**Assigned task:**
Your answer should hold every line of the records below that contains the string "with".

Supplied material Start Marker

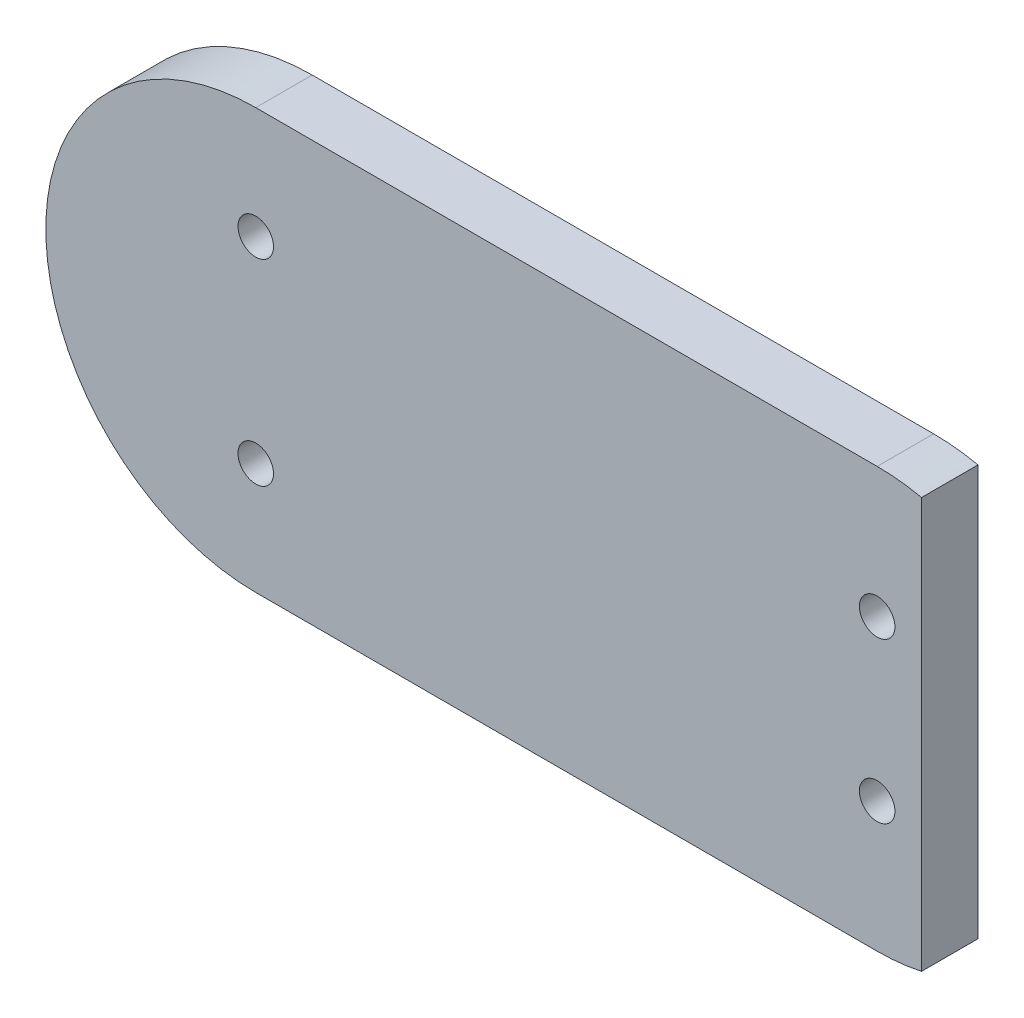
from build123d import *

# Parameters (mm, degrees)
BOSS_EXTRUDE1_DEPTH = 1.59
SKETCH4_R           = 1
CUT_EXTRUDE1_DEPTH  = 10
SKETCH5_R           = 1
CUT_EXTRUDE2_DEPTH  = 32.778902593


with BuildPart() as part:
    # Sketch3 → Boss-Extrude1 (new, symmetric)
    with BuildSketch(Plane.XY):
        with BuildLine():
            Line((-17.5, 11.825), (17.5, 11.825))
            ThreePointArc((17.5, 11.825), (29.325, 0), (17.5, -11.825))
            Line((17.5, -11.825), (-17.5, -11.825))
            ThreePointArc((-17.5, -11.825), (-29.325, 0), (-17.5, 11.825))
        make_face()
    extrude(amount=BOSS_EXTRUDE1_DEPTH, both=True)

    # Sketch4 → Cut-Extrude1 (cut)
    with BuildSketch(Plane.XY.offset(1.59)):
        with Locations((-17.5, 5.535)):
            Circle(SKETCH4_R)
        with Locations((-17.5, -5.535)):
            Circle(SKETCH4_R)
    extrude(amount=-CUT_EXTRUDE1_DEPTH, mode=Mode.SUBTRACT)

    # Sketch5 → Cut-Extrude2 (cut, through all)
    with BuildSketch(Plane.XY.offset(1.59)):
        with Locations((17.5, 4.5)):
            Circle(SKETCH5_R)
        with Locations((17.5, -4.5)):
            Circle(SKETCH5_R)
        with BuildLine():
            Line((20, 11.557708467), (20, -11.557708467))
            ThreePointArc((20, -11.557708467), (29.325, 0), (20, 11.557708467))
        make_face()
    extrude(amount=-CUT_EXTRUDE2_DEPTH, mode=Mode.SUBTRACT)


solid = part.part

Supplied material End Marker

**Answer:**
with BuildPart() as part:
    with BuildSketch(Plane.XY):
        with BuildLine():
    with BuildSketch(Plane.XY.offset(1.59)):
        with Locations((-17.5, 5.535)):
        with Locations((-17.5, -5.535)):
    with BuildSketch(Plane.XY.offset(1.59)):
        with Locations((17.5, 4.5)):
        with Locations((17.5, -4.5)):
        with BuildLine():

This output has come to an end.